The utility of the log source is likely not to be the only consideration. To extend the previous example, Sysmon is not yet natively deployed to Windows machines. It is not hard to envision some kind of business imperative or technology quirk that limits our ability to deploy an arbitrary number of agents to a Windows machine: the cost of licensing, lack of effective control or oversight for a particular business subunit, the use of ephemeral machines or containers, etc.

When new data becomes available, a detection engineer must weigh the visibility and detection coverage benefits against the infrastructure and organizational costs of implementation. The task here is usually to decide whether to jettison the less verbose logs to save resources or keep them as a part of a “defense-in-depth” approach.

The Ongoing Chess Match

The back-and-forth, high stakes game between attackers and defenders never stops (ask any third shift SOC analyst). Defenders deploy their defenses and attackers respond by executing attacks that fit in between the cracks.

The ongoing saga of Powershell defense and evasion illustrates the dynamic quite well. Prior to Powershell version 5.0, Powershell had relatively few protections, detective or preventive. Transcription logging existed, but had easily-exploitable gaps: obfuscated commands, execution via script, lack of support for remote sessions, etc. Furthermore, transcription logging can be incredibly verbose and is logged to plaintext, complicating any efforts to make effective use of the logs. Attackers were not deterred by what defenses then existed around Powershell. Powersploit’s initial release occurred in 2012, and Powershell Empire was first introduced to the public towards the end of this era at a BSides in 2015.

With the 5.0 release, Microsoft deployed several features that should be familiar to many today: AMSI, script block logging, constrained language mode, etc. For a brief time, it appeared as though defenders had the upper hand on this terrain. Even if script block logging was not enabled or used, AMSI gave attackers enough of a headache that they just started looking for ways to turn it off. As this technique proliferated, tamper protection mechanisms became more common in EDR and AV products. While this did not wholly prevent AMSI bypasses, it raised the level of sophistication needed to go undetected if Powershell was a part of your tradecraft. At present, the ClickFix family of attacks has become common, which represents less an evolution in the conversation and more an attempt to reframe it entirely, as it exploits a human vulnerability, not a technological one.

Needless to say, effective detection strategy has not remained constant in the face of all these changes. Prior to 5.0, one might argue there was no effective, Powershell-specific monitoring that was available. As defense evasion techniques evolved, focus shifted from monitoring attributes of the commands executed towards behaviors exhibited, which is the case generally as defenders seek to situate their defenses higher up the Pyramid of Pain.

The Case for Rigor

This post has demonstrated why detection engineering must be an ongoing process with a structured approach: threats to the strategy obviously stem from evolution in attacker techniques, but also from conflicting business imperatives and even from the monitoring tools themselves. An undisciplined process is likely to lose sight of one or more of these, or else fail to balance them in a way that creates exploitable gaps.

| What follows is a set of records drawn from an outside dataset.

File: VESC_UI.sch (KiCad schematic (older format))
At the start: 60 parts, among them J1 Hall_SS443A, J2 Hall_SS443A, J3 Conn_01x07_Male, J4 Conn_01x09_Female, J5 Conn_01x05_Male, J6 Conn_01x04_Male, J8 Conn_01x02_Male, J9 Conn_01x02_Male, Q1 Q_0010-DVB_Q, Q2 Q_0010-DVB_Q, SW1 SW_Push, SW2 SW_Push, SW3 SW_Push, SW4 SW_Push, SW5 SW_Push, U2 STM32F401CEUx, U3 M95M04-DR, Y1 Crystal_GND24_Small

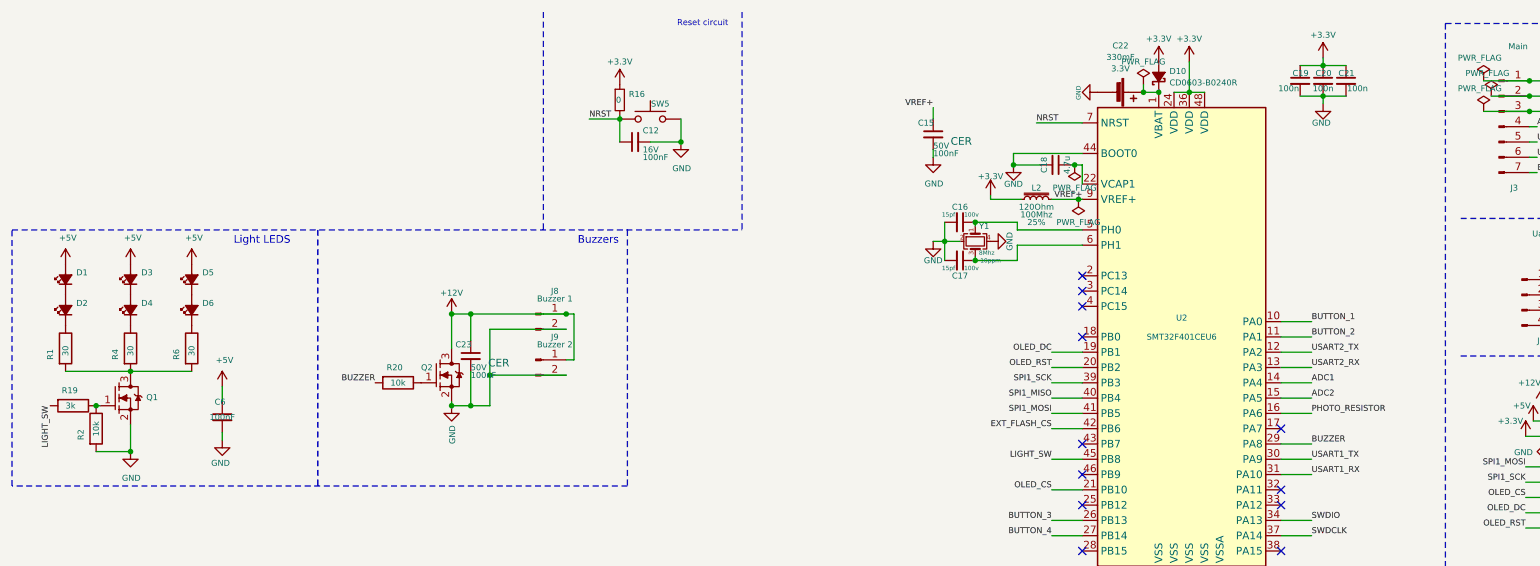
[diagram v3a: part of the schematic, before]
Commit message: fix: add missing rules and components
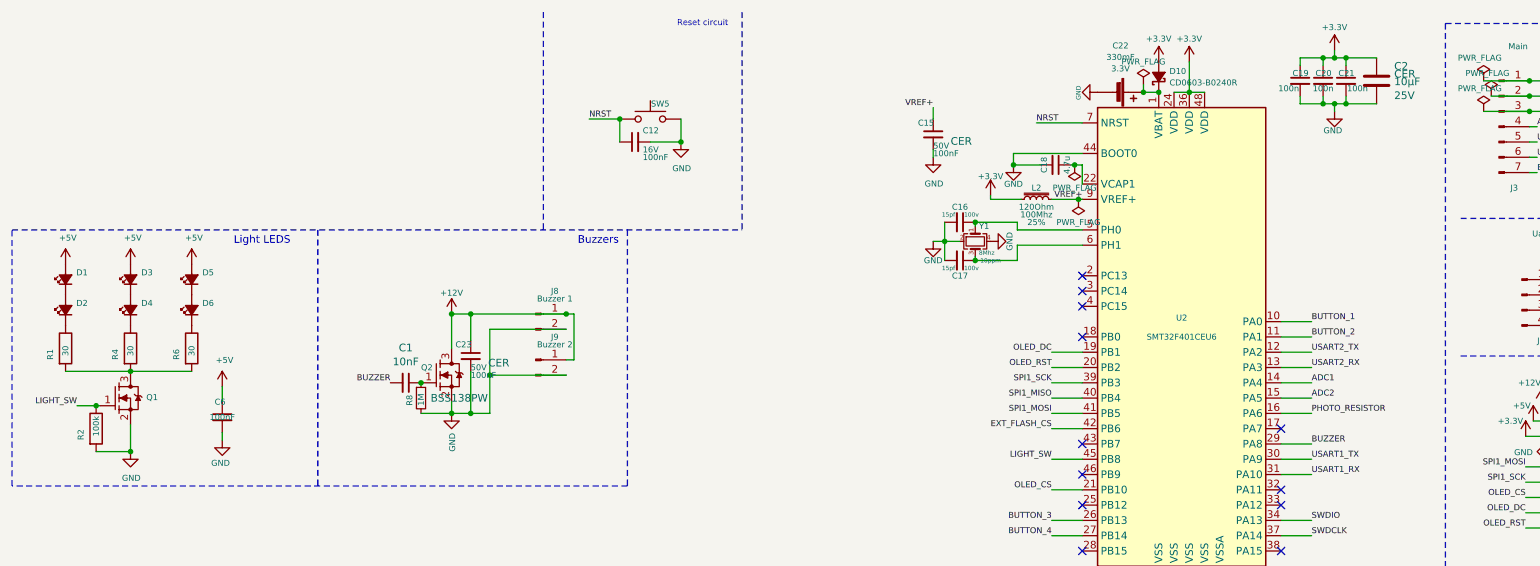
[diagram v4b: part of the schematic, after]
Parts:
- removed R16: R_Small, Resistor_SMD:R_0603_1608Metric_Pad1.05x0.95mm_HandSolder, symbol Device:R_Small
- removed R19, R20: R_0020, Resistor_SMD:R_0603_1608Metric_Pad1.05x0.95mm_HandSolder, symbol Device:R
- added C1: C_Small, Capacitor_SMD:C_0603_1608Metric_Pad1.05x0.95mm_HandSolder, symbol Device:C_Small
- added C2: C_0003-DVB_C, Capacitor_SMD:C_0805_2012Metric_Pad1.15x1.40mm_HandSolder, symbol VESC_UI-rescue:C_0003-DVB_C
- added R8: R_Small, Resistor_SMD:R_0603_1608Metric_Pad1.05x0.95mm_HandSolder, symbol Device:R_Small
- D1, D2, D3, D4, D5, D6: footprint LED_THT:LED_D5.0mm_Clear -> LED_THT:LED_D5.0mm_Horizontal_O1.27mm_Z3.0mm_Clear
- Q2: Field5 50Vds -> 60Vds; Field6 220mA -> 320mA; Field8 (none) -> BSS138PW
- R2: Field4 10k -> 100k
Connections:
- net +3V3: now also C2.1
- net BUZZER: now also C1.2
- net GND: now also C2.2, R8.2
- net LIGHT_SW: now also Q1.1 (G), R2.1
- net at Q2.1 (G): now also C1.1, R8.1
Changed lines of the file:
@@
 F 0 "D1" V 921 2180 39  0000 R CNN
 F 1 "LED_Small_ALT" V 830 2180 39  0001 R CNN
-F 2 "LED_THT:LED_D5.0mm_Clear" V 875 2250 39  0001 C CNN
+F 2 "LED_THT:LED_D5.0mm_Horizontal_O1.27mm_Z3.0mm_Clear" V 875 2250 39  0001 C CNN
 F 3 "~" V 875 2250 39  0001 C CNN
 	1    875  2250
@@
 F 0 "D2" V 921 2380 39  0000 R CNN
 F 1 "LED_Small_ALT" V 830 2380 39  0001 R CNN
-F 2 "LED_THT:LED_D5.0mm_Clear" V 875 2450 39  0001 C CNN
+F 2 "LED_THT:LED_D5.0mm_Horizontal_O1.27mm_Z3.0mm_Clear" V 875 2450 39  0001 C CNN
 F 3 "~" V 875 2450 39  0001 C CNN
 	1    875  2450
@@
 F 0 "D3" V 1346 2180 39  0000 R CNN
 F 1 "LED_Small_ALT" V 1255 2180 39  0001 R CNN
-F 2 "LED_THT:LED_D5.0mm_Clear" V 1300 2250 39  0001 C CNN
+F 2 "LED_THT:LED_D5.0mm_Horizontal_O1.27mm_Z3.0mm_Clear" V 1300 2250 39  0001 C CNN
 F 3 "~" V 1300 2250 39  0001 C CNN
 	1    1300 2250
@@
 F 0 "D4" V 1346 2380 39  0000 R CNN
 F 1 "LED_Small_ALT" V 1255 2380 39  0001 R CNN
-F 2 "LED_THT:LED_D5.0mm_Clear" V 1300 2450 39  0001 C CNN
+F 2 "LED_THT:LED_D5.0mm_Horizontal_O1.27mm_Z3.0mm_Clear" V 1300 2450 39  0001 C CNN
 F 3 "~" V 1300 2450 39  0001 C CNN
 	1    1300 2450
@@
 F 0 "D5" V 1746 2180 39  0000 R CNN
 F 1 "LED_Small_ALT" V 1655 2180 39  0001 R CNN
-F 2 "LED_THT:LED_D5.0mm_Clear" V 1700 2250 39  0001 C CNN
+F 2 "LED_THT:LED_D5.0mm_Horizontal_O1.27mm_Z3.0mm_Clear" V 1700 2250 39  0001 C CNN
 F 3 "~" V 1700 2250 39  0001 C CNN
 	1    1700 2250
@@
 F 0 "D6" V 1746 2380 39  0000 R CNN
 F 1 "LED_Small_ALT" V 1655 2380 39  0001 R CNN
-F 2 "LED_THT:LED_D5.0mm_Clear" V 1700 2450 39  0001 C CNN
+F 2 "LED_THT:LED_D5.0mm_Horizontal_O1.27mm_Z3.0mm_Clear" V 1700 2450 39  0001 C CNN
 F 3 "~" V 1700 2450 39  0001 C CNN
 	1    1700 2450
@@
 F 2 "Resistor_SMD:R_0603_1608Metric_Pad1.05x0.95mm_HandSolder" H 1075 2875 39  0001 C CNN
 F 3 "generic" H 1075 2950 39  0001 C CNN
-F 4 "10k" V 1075 3175 39  0000 L CNN "Field4"
+F 4 "100k" V 1075 3175 39  0000 L CNN "Field4"
 F 5 "1%" V 825 3125 39  0001 L CNN "Field5"
 F 6 "100mW" V 900 3125 39  0001 L CNN "Field6"
@@
 L power:GND #PWR038
 U 1 1 5F86A57C
-P 9100 1100
-F 0 "#PWR038" H 9100 850 39  0001 C CNN
-F 1 "GND" H 9150 975 39  0000 R CNN
-F 2 "" H 9100 1100 39  0001 C CNN
-F 3 "" H 9100 1100 39  0001 C CNN
-	1    9100 1100
-	1    0    0    -1
-$EndComp
-Wire Wire Line
-	9250 1050 9100 1050
-Wire Wire Line
-	8950 1050 9100 1050
-Connection ~ 9100 1050
-Wire Wire Line
-	9100 1100 9100 1050
+P 9175 1150
+F 0 "#PWR038" H 9175 900 39  0001 C CNN
+F 1 "GND" H 9225 1025 39  0000 R CNN
+F 2 "" H 9175 1150 39  0001 C CNN
+F 3 "" H 9175 1150 39  0001 C CNN
+	1    9175 1150
+	1    0    0    -1
+$EndComp
 $Comp
 L power:+3.3V #PWR037
 U 1 1 5F8935F5
-P 9100 800
-F 0 "#PWR037" H 9100 650 39  0001 C CNN
-F 1 "+3.3V" H 9100 950 39  0000 C CNN
-F 2 "" H 9100 800 39  0001 C CNN
-F 3 "" H 9100 800 39  0001 C CNN
-	1    9100 800
-	1    0    0    -1
-$EndComp
-Wire Wire Line
-	8950 850  9100 850
-Wire Wire Line
-	9250 850  9100 850
-Connection ~ 9100 850
-Wire Wire Line
-	9100 800  9100 850
+P 9175 750
+F 0 "#PWR037" H 9175 600 39  0001 C CNN
+F 1 "+3.3V" H 9175 900 39  0000 C CNN
+F 2 "" H 9175 750 39  0001 C CNN
+F 3 "" H 9175 750 39  0001 C CNN
+	1    9175 750
+	1    0    0    -1
+$EndComp
 $Comp
 L Device:C_Small C6
@@
 	7250 1500 7075 1500
 Connection ~ 7075 1500
-$Comp
-L power:+3.3V #PWR024
-U 1 1 5FE23D70
-P 4500 975
-F 0 "#PWR024" H 4500 825 39  0001 C CNN
-F 1 "+3.3V" H 4500 1125 39  0000 C CNN
-F 2 "" H 4500 975 39  0001 C CNN
-F 3 "" H 4500 975 39  0001 C CNN
-	1    4500 975
-	1    0    0    -1
-$EndComp
 Text Label 7225 1225 0    39   ~ 0
 NRST
@@
 Text Label 4300 1200 0    39   ~ 0
 NRST
-$Comp
-L Device:R_Small R16
-U 1 1 5FEB4FA9
-P 4500 1075
-F 0 "R16" H 4559 1113 39  0000 L CNN
-F 1 "R_Small" H 4559 1038 39  0001 L CNN
-F 2 "Resistor_SMD:R_0603_1608Metric_Pad1.05x0.95mm_HandSolder" H 4500 1075 39  0001 C CNN
-F 3 "~" H 4500 1075 39  0001 C CNN
-F 4 "0" H 4475 1075 39  0000 L CNN "Field4"
-	1    4500 1075
-	1    0    0    -1
-$EndComp
-Wire Wire Line
-	4500 1175 4500 1200
 $Comp
 L Switch:SW_Push SW5
@@
 Text Label 7325 2825 2    39   ~ 0
 OLED_RST
-Text Label 775  3075 3    39   ~ 0
+Text Label 950  3075 2    39   ~ 0
 LIGHT_SW
 Text Label 2975 7350 2    39   ~ 0
@@
 F 1 "Q_0010-DVB_Q" H 3300 2635 39  0001 C CNN
 F 2 "Package_TO_SOT_SMD:SOT-23" H 3300 2555 39  0001 C CNN
-F 3 "" H 3300 2485 39  0001 C CNN
+F 3 "https://assets.nexperia.com/documents/data-sheet/BSS138PW.pdf" H 3300 2485 39  0001 C CNN
 F 4 "N-chan" H 3503 2829 39  0001 L CNN "Field1"
 F 5 "MOSFET" H 3300 2045 39  0001 C CNN "Field4"
-F 6 "220mA" H 3300 2195 39  0001 C CNN "Field6"
-F 7 "50Vds" H 3300 2265 39  0001 C CNN "Field5"
+F 6 "320mA" H 3300 2195 39  0001 C CNN "Field6"
+F 7 "60Vds" H 3300 2265 39  0001 C CNN "Field5"
+F 8 "BSS138PW" H 3450 2725 50  0000 C CNN "Field8"
 	1    3300 2875
 	1    0    0    -1
@@
 L power:GND #PWR053
 U 1 1 5FAA3E1F
-P 3400 3075
-F 0 "#PWR053" H 3400 2825 39  0001 C CNN
-F 1 "GND" V 3405 2947 39  0000 R CNN
-F 2 "" H 3400 3075 39  0001 C CNN
-F 3 "" H 3400 3075 39  0001 C CNN
-	1    3400 3075
-	1    0    0    -1
-$EndComp
-$Comp
-L Device:R R19
-U 1 1 5FAA4707
-P 925 3075
-F 0 "R19" V 825 3000 39  0000 L CNN
-F 1 "R_0020" H 925 2875 39  0001 C CNN
-F 2 "Resistor_SMD:R_0603_1608Metric_Pad1.05x0.95mm_HandSolder" H 925 2725 39  0001 C CNN
-F 3 "generic" H 925 2800 39  0001 C CNN
-F 4 "3k" V 925 3025 39  0000 L CNN "Field4"
-F 5 "1%" V 675 2975 39  0001 L CNN "Field5"
-F 6 "100mW" V 750 2975 39  0001 L CNN "Field6"
-	1    925  3075
-	0    1    1    0
-$EndComp
-Connection ~ 1075 3075
-$Comp
-L Device:R R20
-U 1 1 5FAA5C52
-P 3050 2925
-F 0 "R20" V 2950 2850 39  0000 L CNN
-F 1 "R_0020" H 3050 2725 39  0001 C CNN
-F 2 "Resistor_SMD:R_0603_1608Metric_Pad1.05x0.95mm_HandSolder" H 3050 2575 39  0001 C CNN
-F 3 "generic" H 3050 2650 39  0001 C CNN
-F 4 "10k" V 3050 2875 39  0000 L CNN "Field4"
-F 5 "1%" V 2800 2825 39  0001 L CNN "Field5"
-F 6 "100mW" V 2875 2825 39  0001 L CNN "Field6"
-	1    3050 2925
-	0    1    1    0
+P 3400 3125
+F 0 "#PWR053" H 3400 2875 39  0001 C CNN
+F 1 "GND" V 3405 2997 39  0000 R CNN
+F 2 "" H 3400 3125 39  0001 C CNN
+F 3 "" H 3400 3125 39  0001 C CNN
+	1    3400 3125
+	1    0    0    -1
 $EndComp
 Text Label 9025 3325 0    39   ~ 0
 BUZZER
-Text Label 2900 2925 2    39   ~ 0
+Text Label 3000 2925 2    39   ~ 0
 BUZZER
 Wire Wire Line
 	4150 2875 3650 2875
-Wire Wire Line
-	3400 3075 3400 3050
-Wire Wire Line
-	3650 3075 3525 3075
-Wire Wire Line
-	3650 2875 3650 3075
-Connection ~ 3400 3075
 Wire Wire Line
 	3650 2875 3650 2575
@@
 	3525 2475 3400 2475
 Wire Wire Line
-	3525 2850 3525 3075
-Connection ~ 3525 3075
-Wire Wire Line
-	3525 3075 3400 3075
-Wire Wire Line
 	10450 1250 10500 1250
 Wire Wire Line
@@
 Wire Wire Line
 	10425 3475 10600 3475
+Wire Wire Line
+	1075 3075 950  3075
+Connection ~ 1075 3075
+$Comp
+L VESC_UI-rescue:C_0003-DVB_C C2
+U 1 1 5FD74130
+P 9450 950
+F 0 "C2" H 9565 1046 50  0000 L CNN
+F 1 "C_0003-DVB_C" H 9450 650 50  0001 C CNN
+F 2 "Capacitor_SMD:C_0805_2012Metric_Pad1.15x1.40mm_HandSolder" H 9450 500 50  0001 C CNN
+F 3 "" H 9450 575 50  0001 C CNN
+F 4 "CER" H 9565 995 0   0000 L CNN "Field4"
+F 5 "10µF" H 9565 945 50  0000 L CNN "Field5"
+F 6 "25V" H 9565 854 50  0000 L CNN "Field6"
+F 7 "X5R" H 9550 800 60  0001 L CNN "Field7"
+F 8 "10%" H 9550 725 60  0001 L CNN "Field8"
+	1    9450 950
+	1    0    0    -1
+$EndComp
+Wire Wire Line
+	9450 800  9250 800
+Wire Wire Line
+	8950 800  8950 850
+Wire Wire Line
+	9100 850  9100 800
+Connection ~ 9100 800
+Wire Wire Line
+	9100 800  8950 800
+Wire Wire Line
+	9250 850  9250 800
+Connection ~ 9250 800
+Wire Wire Line
+	9250 800  9175 800
+Wire Wire Line
+	9450 1100 9250 1100
+Wire Wire Line
+	8950 1100 8950 1050
+Wire Wire Line
+	9100 1050 9100 1100
+Connection ~ 9100 1100
+Wire Wire Line
+	9100 1100 8950 1100
+Wire Wire Line
+	9250 1050 9250 1100
+Connection ~ 9250 1100
+Wire Wire Line
+	9250 1100 9175 1100
+Wire Wire Line
+	9175 1150 9175 1100
+Connection ~ 9175 1100
+Wire Wire Line
+	9175 1100 9100 1100
+Wire Wire Line
+	9175 750  9175 800
+Connection ~ 9175 800
+Wire Wire Line
+	9175 800  9100 800
+$Comp
+L Device:C_Small C1
+U 1 1 5FDC019E
+P 3100 2925
+F 0 "C1" V 2871 2925 50  0000 C CNN
+F 1 "C_Small" V 2962 2925 50  0001 C CNN
+F 2 "Capacitor_SMD:C_0603_1608Metric_Pad1.05x0.95mm_HandSolder" H 3100 2925 50  0001 C CNN
+F 3 "~" H 3100 2925 50  0001 C CNN
+F 4 "10nF" V 2962 2925 50  0000 C CNN "Field4"
+	1    3100 2925
+	0    1    1    0
+$EndComp
+Connection ~ 3200 2925
+Wire Wire Line
+	3200 3125 3400 3125
+Wire Wire Line
+	3400 3050 3400 3125
+Connection ~ 3400 3125
+Wire Wire Line
+	3525 3125 3400 3125
+Wire Wire Line
+	3525 2850 3525 3125
+Wire Wire Line
+	3650 3125 3525 3125
+Wire Wire Line
+	3650 2875 3650 3125
+Connection ~ 3525 3125
+$Comp
+L Device:R_Small R8
+U 1 1 5FDC1B3C
+P 3200 3025
+F 0 "R8" V 3125 2975 39  0000 L CNN
+F 1 "R_Small" H 3259 2980 39  0001 L CNN
+F 2 "Resistor_SMD:R_0603_1608Metric_Pad1.05x0.95mm_HandSolder" H 3200 3025 39  0001 C CNN
+F 3 "~" H 3200 3025 39  0001 C CNN
+F 4 "1M" V 3200 2975 39  0000 L CNN "Field4"
+F 5 "1%" H 3200 3025 39  0001 C CNN "Field5"
+	1    3200 3025
+	1    0    0    -1
+$EndComp
 $EndSCHEMATC

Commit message: fix: change screen connector footprint and adjust its mechanical position
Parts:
- J4: footprint Connector_PinHeader_1.27mm:PinHeader_1x09_P1.27mm_Vertical -> Connector_PinHeader_2.00mm:PinHeader_1x09_P2.00mm_Vertical
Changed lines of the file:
@@
 F 0 "J4" H 10828 3501 50  0000 L CNN
 F 1 "Conn_01x09_Female" H 10828 3410 50  0000 L CNN
-F 2 "Connector_PinHeader_1.27mm:PinHeader_1x09_P1.27mm_Vertical" H 10800 3475 50  0001 C CNN
+F 2 "Connector_PinHeader_2.00mm:PinHeader_1x09_P2.00mm_Vertical" H 10800 3475 50  0001 C CNN
 F 3 "~" H 10800 3475 50  0001 C CNN
 	1    10800 3475

In the next posts, we will examine how to respond to these challenges. We will survey what data is available to us to evaluate our strategy and how to construct a test suite that enables us to rapidly iterate when confronted with change, while preserving our ability to assert coverage for targeted techniques.

The nature of the task suggests we will never achieve complete detection coverage or total security, but our goal should be to outpace the attacker, and to never fall behind. Only with an engineering mindset can we move quickly enough without risking the wheels falling off.